If there were ever a major energy project that Canada's economy needed, and needed to work well, it is the Energy East pipeline proposal from TransCanada Corp. If it is approved and lives up to its billing, the pipeline would demonstrate to skeptics the viability of transporting bitumen from Alberta's oil sands via pipeline, lessen the oil industry's growing dependence on rail, open up new markets for Canadian crude overseas, and give landlocked oil something it currently lacks: a deep-water terminal.

Conversely, if TransCanada makes major missteps – and it has already made one minor one – it could jeopardize the industry's ability to add more delivery capacity and throttle the growth potential of the oil sands. No pressure.

TransCanada submitted its 30,000-page application for the project to the National Energy Board last week. The company wants to repurpose an underutilized natural-gas pipeline running from Alberta to eastern Ontario, add new pipeline in Quebec and New Brunswick, and build two marine facilities, one near Quebec City and one in Saint John, where the diluted bitumen could be loaded onto tankers destined for new markets in Europe and the U.S. The $12-billion pipeline would move 1.1 million barrels a day, some for export but much of it to east coast refineries. Those refineries currently depend on imported oil.

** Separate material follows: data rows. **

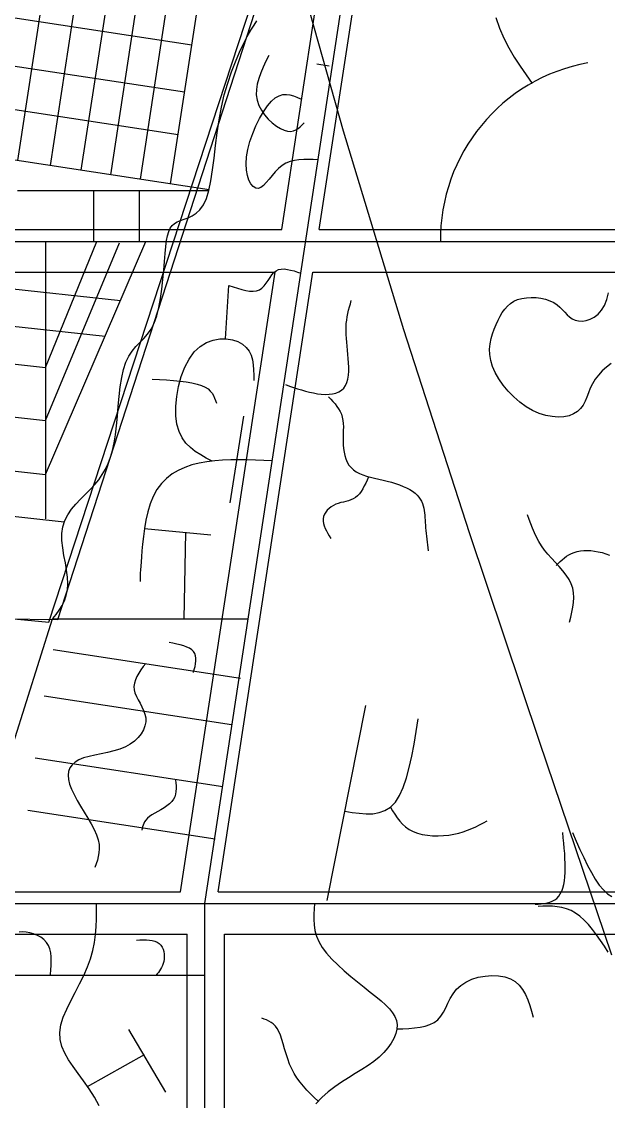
# Model space of a CAD drawing. Extents: x -15732 to 10897, y -24868 to 16165.
# Drawn here: x 6236 to 7978, y -11160 to -7955 of the extents above; entities that cross this region are included whole.
import ezdxf

# ---------------------------------------------------------------- set-up
doc = ezdxf.new("R2010")
doc.units = 0
doc.header["$MEASUREMENT"] = 0
for name, color, linetype in [('HIGHWAY', 7, 'CONTINUOUS'), ('STREETS-SPRAWL', 7, 'CONTINUOUS'), ('STREETS-SPRAWL-12M', 7, 'CONTINUOUS'), ('STREETS-SPRAWL-20M', 7, 'CONTINUOUS'), ('SUBURBS', 7, 'CONTINUOUS')]:
    doc.layers.add(name, color=color, linetype=linetype)

msp = doc.modelspace()

# ---------------------------------------------------------------- linework, layer by layer
at = {"layer": 'HIGHWAY', "color": 250, "linetype": 'CONTINUOUS'}
for p, q in [((7027.9, -7700.8), (7190.6, -8279)), ((7190.6, -8279), (7370.2, -8868.5)), ((7370.2, -8868.5), (7565.2, -9471.6)), ((7565.2, -9471.6), (7773.1, -10090.1)), ((7773.1, -10090.1), (7987.7, -10724.7)), ((7844.1, -10377.3), (7842.5, -10361.5)), ((7845.7, -10393), (7844.1, -10377.3)), ((7871.3, -10361.5), (7882.4, -10386.9)), ((7847.1, -10408.5), (7845.7, -10393)), ((7848.4, -10423.8), (7847.1, -10408.5)), ((7882.4, -10386.9), (7893.5, -10412)), ((7893.5, -10412), (7904.8, -10436.2)), ((7849.3, -10438.7), (7848.4, -10423.8)), ((7849.9, -10453.2), (7849.3, -10438.7)), ((7904.8, -10436.2), (7916.1, -10459.3)), ((7850.1, -10467.2), (7849.9, -10453.2)), ((7849.9, -10480.5), (7850.1, -10467.2)), ((7916.1, -10459.3), (7927.6, -10480.8)), ((7845.6, -10516.2), (7847.6, -10505.1)), ((7847.6, -10505.1), (7849, -10493.2)), ((7849, -10493.2), (7849.9, -10480.5)), ((7927.6, -10480.8), (7939.3, -10500.4)), ((7939.3, -10500.4), (7951.2, -10517.5)), ((7830.6, -10551.1), (7835.4, -10543.9)), ((7835.4, -10543.9), (7839.5, -10535.7)), ((7839.5, -10535.7), (7842.9, -10526.5)), ((7842.9, -10526.5), (7845.6, -10516.2)), ((7951.2, -10517.5), (7963.4, -10532)), ((7963.4, -10532), (7975.9, -10543.3)), ((7975.9, -10543.3), (7988.7, -10552)), ((7760.4, -10574.5), (7769.5, -10573.9)), ((7769.5, -10573.9), (7778.5, -10573.2)), ((7778.5, -10573.2), (7787.4, -10572.1)), ((7787.4, -10572.1), (7795.9, -10570.6)), ((7795.9, -10570.6), (7804, -10568.5)), ((7804, -10568.5), (7811.7, -10565.7)), ((7811.7, -10565.7), (7818.7, -10561.9)), ((7818.7, -10561.9), (7825.1, -10557.1)), ((7825.1, -10557.1), (7830.6, -10551.1)), ((7783.6, -10580.6), (7769.2, -10581.1)), ((7798, -10580.4), (7783.6, -10580.6)), ((7812.3, -10580.7), (7798, -10580.4)), ((7826.5, -10581.9), (7812.3, -10580.7)), ((7840.4, -10584.2), (7826.5, -10581.9)), ((7854.2, -10588), (7840.4, -10584.2)), ((7867.7, -10593.4), (7854.2, -10588)), ((7880.9, -10600.7), (7867.7, -10593.4)), ((7893.8, -10610.3), (7880.9, -10600.7)), ((7906.4, -10621.8), (7893.8, -10610.3)), ((7918.7, -10635), (7906.4, -10621.8)), ((7930.8, -10649.6), (7918.7, -10635)), ((7942.7, -10665.3), (7930.8, -10649.6)), ((7954.5, -10681.9), (7942.7, -10665.3)), ((7966.2, -10699.1), (7954.5, -10681.9)), ((7977.8, -10716.5), (7966.2, -10699.1))]:
    msp.add_line(p, q, dxfattribs=at)
at = {"layer": 'STREETS-SPRAWL', "color": 7, "linetype": 'CONTINUOUS'}
for p, q in [((7008.5, -8571.8), (7384.1, -6116.1)), ((7119.9, -8571.8), (7495.5, -6116.1)), ((5083.8, -8571.8), (7008.5, -8571.8)), ((7119.9, -8571.8), (8053, -8571.8)), ((5069.9, -8698.2), (6989.2, -8698.2)), ((6707.9, -10537.5), (6989.2, -8698.2)), ((6819.3, -10537.5), (7100.6, -8698.2)), ((7100.6, -8698.2), (8053, -8698.2)), ((4867.8, -10537.5), (6707.9, -10537.5)), ((6819.3, -10537.5), (8053, -10537.5)), ((4240, -10663.8), (6728.2, -10663.8)), ((6728.2, -13755.1), (6728.2, -10663.8)), ((6838.3, -10663.8), (8053, -10663.8)), ((6838.3, -11881.9), (6838.3, -10663.8))]:
    msp.add_line(p, q, dxfattribs=at)
at = {"layer": 'STREETS-SPRAWL-12M', "color": 253, "linetype": 'CONTINUOUS'}
for p, q in [((6225.4, -8367.3), (6557.8, -6186)), ((6321.8, -8382), (6628.6, -6368.3)), ((6412.6, -8395.8), (6663.6, -6777.9)), ((6501.4, -8409.4), (6722.8, -6956.4)), ((6589.3, -8422.8), (6787.5, -7121.8)), ((6678.6, -8436.4), (6833.1, -7422.7)), ((6741.4, -8024.7), (5095.2, -7773.9)), ((6720, -8164.7), (5127.2, -7922)), ((7643.7, -7942.4), (7654.8, -7974.2)), ((6917, -7980.3), (6926.5, -7965.2)), ((6926.5, -7965.2), (6934.6, -7952.9)), ((7654.8, -7974.2), (7668, -8004.3)), ((6894.8, -8020.9), (6906.3, -7998.9)), ((6906.3, -7998.9), (6917, -7980.3)), ((7668, -8004.3), (7682.8, -8032.9)), ((6882.8, -8046), (6894.8, -8020.9)), ((7682.8, -8032.9), (7698.9, -8060.3)), ((6859.1, -8104.4), (6870.8, -8073.9)), ((6870.8, -8073.9), (6882.8, -8046)), ((6961.4, -8072.8), (6953.6, -8089.8)), ((6969.7, -8055.7), (6961.4, -8072.8)), ((7698.9, -8060.3), (7716, -8086.8)), ((6848, -8137.2), (6859.1, -8104.4)), ((6946.4, -8106.7), (6940.4, -8123.5)), ((6953.6, -8089.8), (6946.4, -8106.7)), ((7149.2, -8086.9), (7112.2, -8081.2)), ((7716, -8086.8), (7733.8, -8112.7)), ((6700.9, -8290.6), (5538.4, -8113.5)), ((6838, -8172), (6848, -8137.2)), ((6935.9, -8140.1), (6933.3, -8156.4)), ((6940.4, -8123.5), (6935.9, -8140.1)), ((7733.8, -8112.7), (7751.9, -8138.3)), ((6829.4, -8208.5), (6838, -8172)), ((6933.3, -8156.4), (6933, -8172.5)), ((6933, -8172.5), (6935.3, -8188.2)), ((7000.6, -8174.9), (7011.5, -8171.7)), ((7011.5, -8171.7), (7022.3, -8171.1)), ((7022.3, -8171.1), (7032.8, -8172.5)), ((6935.3, -8188.2), (6940.4, -8203.5)), ((6940.4, -8203.5), (6948, -8218.2)), ((6965.9, -8205), (6977.7, -8191.2)), ((6977.7, -8191.2), (6989.3, -8181.2)), ((6989.3, -8181.2), (7000.6, -8174.9)), ((7032.8, -8172.5), (7043.2, -8175.5)), ((7043.2, -8175.5), (7053.5, -8179.6)), ((7053.5, -8179.6), (7063.8, -8184.1)), ((6792.9, -8453.8), (5320.5, -8229.4)), ((6822.4, -8246.3), (6829.4, -8208.5)), ((6942.5, -8242.2), (6954, -8222.3)), ((6948, -8218.2), (6957.6, -8231.9)), ((6954, -8222.3), (6965.9, -8205)), ((6957.6, -8231.9), (6968.5, -8244.5)), ((6816.7, -8284.7), (6822.4, -8246.3)), ((6922.2, -8287.2), (6931.8, -8264.1)), ((6931.8, -8264.1), (6942.5, -8242.2)), ((6968.5, -8244.5), (6980.4, -8255.6)), ((6980.4, -8255.6), (6992.5, -8265)), ((6992.5, -8265), (7004.5, -8272.4)), ((7057, -8272.3), (7063.2, -8267.2)), ((7063.2, -8267.2), (7069, -8261.4)), ((7069, -8261.4), (7074.8, -8255.3)), ((6812, -8322.9), (6816.7, -8284.7)), ((6914.1, -8310.7), (6922.2, -8287.2)), ((7004.5, -8272.4), (7015.8, -8277.5)), ((7015.8, -8277.5), (7025.9, -8280.2)), ((7025.9, -8280.2), (7034.9, -8280.8)), ((7034.9, -8280.8), (7043, -8279.4)), ((7043, -8279.4), (7050.3, -8276.5)), ((7050.3, -8276.5), (7057, -8272.3)), ((6807.6, -8359.9), (6812, -8322.9)), ((6907.9, -8334), (6914.1, -8310.7)), ((6803.2, -8395), (6807.6, -8359.9)), ((6902.7, -8376.9), (6904, -8356.2)), ((6904, -8356.2), (6907.9, -8334)), ((7073.6, -8364.1), (7059.7, -8365)), ((7087.8, -8364), (7073.6, -8364.1)), ((7102.2, -8364.5), (7087.8, -8364)), ((7116.8, -8365.2), (7102.2, -8364.5)), ((6798.3, -8427.2), (6803.2, -8395)), ((6903.6, -8395.4), (6902.7, -8376.9)), ((6906.5, -8411.8), (6903.6, -8395.4)), ((6998.8, -8390.9), (6988.9, -8401.1)), ((7009.5, -8382), (6998.8, -8390.9)), ((7021, -8375.2), (7009.5, -8382)), ((7033.3, -8370.2), (7021, -8375.2)), ((7046.2, -8366.9), (7033.3, -8370.2)), ((7059.7, -8365), (7046.2, -8366.9)), ((6792.4, -8455.8), (6798.3, -8427.2)), ((6911, -8425.5), (6906.5, -8411.8)), ((6916.9, -8436.5), (6911, -8425.5)), ((6970.9, -8422.8), (6962.6, -8432.7)), ((6979.6, -8412), (6970.9, -8422.8)), ((6988.9, -8401.1), (6979.6, -8412)), ((6223.6, -8456.4), (6790.9, -8456.4)), ((6450.2, -8607.1), (6450.2, -8456.4)), ((6586.3, -8607.1), (6586.3, -8456.4)), ((6785.1, -8479.9), (6792.4, -8455.8)), ((6923.7, -8444.4), (6916.9, -8436.5)), ((6931.2, -8448.9), (6923.7, -8444.4)), ((6938.9, -8449.8), (6931.2, -8448.9)), ((6946.7, -8447), (6938.9, -8449.8)), ((6954.5, -8441.1), (6946.7, -8447)), ((6962.6, -8432.7), (6954.5, -8441.1)), ((6776.1, -8498.8), (6785.1, -8479.9)), ((6742.4, -8531.5), (6754.3, -8523.8)), ((6754.3, -8523.8), (6765.7, -8513.2)), ((6765.7, -8513.2), (6776.1, -8498.8)), ((6683.1, -8560.2), (6689.8, -8553.8)), ((6689.8, -8553.8), (6698, -8548.9)), ((6698, -8548.9), (6707.7, -8544.9)), ((6707.7, -8544.9), (6718.6, -8541.2)), ((6718.6, -8541.2), (6730.3, -8537)), ((6730.3, -8537), (6742.4, -8531.5)), ((6669.7, -8590.3), (6673.2, -8578.1)), ((6673.2, -8578.1), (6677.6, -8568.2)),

The project has the support of the leaders of the three main federal parties, which is more than can be said of most other pipeline proposals. But it is also facing fierce resistance from environmental groups that want oil-sands carbon to stay in the ground forever, and which are also concerned about the risk of tanker spills in the Bay of Fundy and the St. Lawrence River. TransCanada has already had its wrist slapped in a Quebec court for beginning work on the St. Lawrence River port without taking proper precautions to protect a nearby beluga whale calving ground.

That's a big mistake. TransCanada, which is also behind the contentious Keystone pipeline proposal through the U.S., is to a fair degree carrying a the future of the oil sands on its shoulders. Alberta's oil industry is one of this country's major economic drivers; the capacity to extract oil is there, more is being built, and that oil has to move somehow. Moving it by pipe is the least dangerous, most logical way. If it wins approval, TransCanada must deliver on its promises in a responsible and conscientious fashion.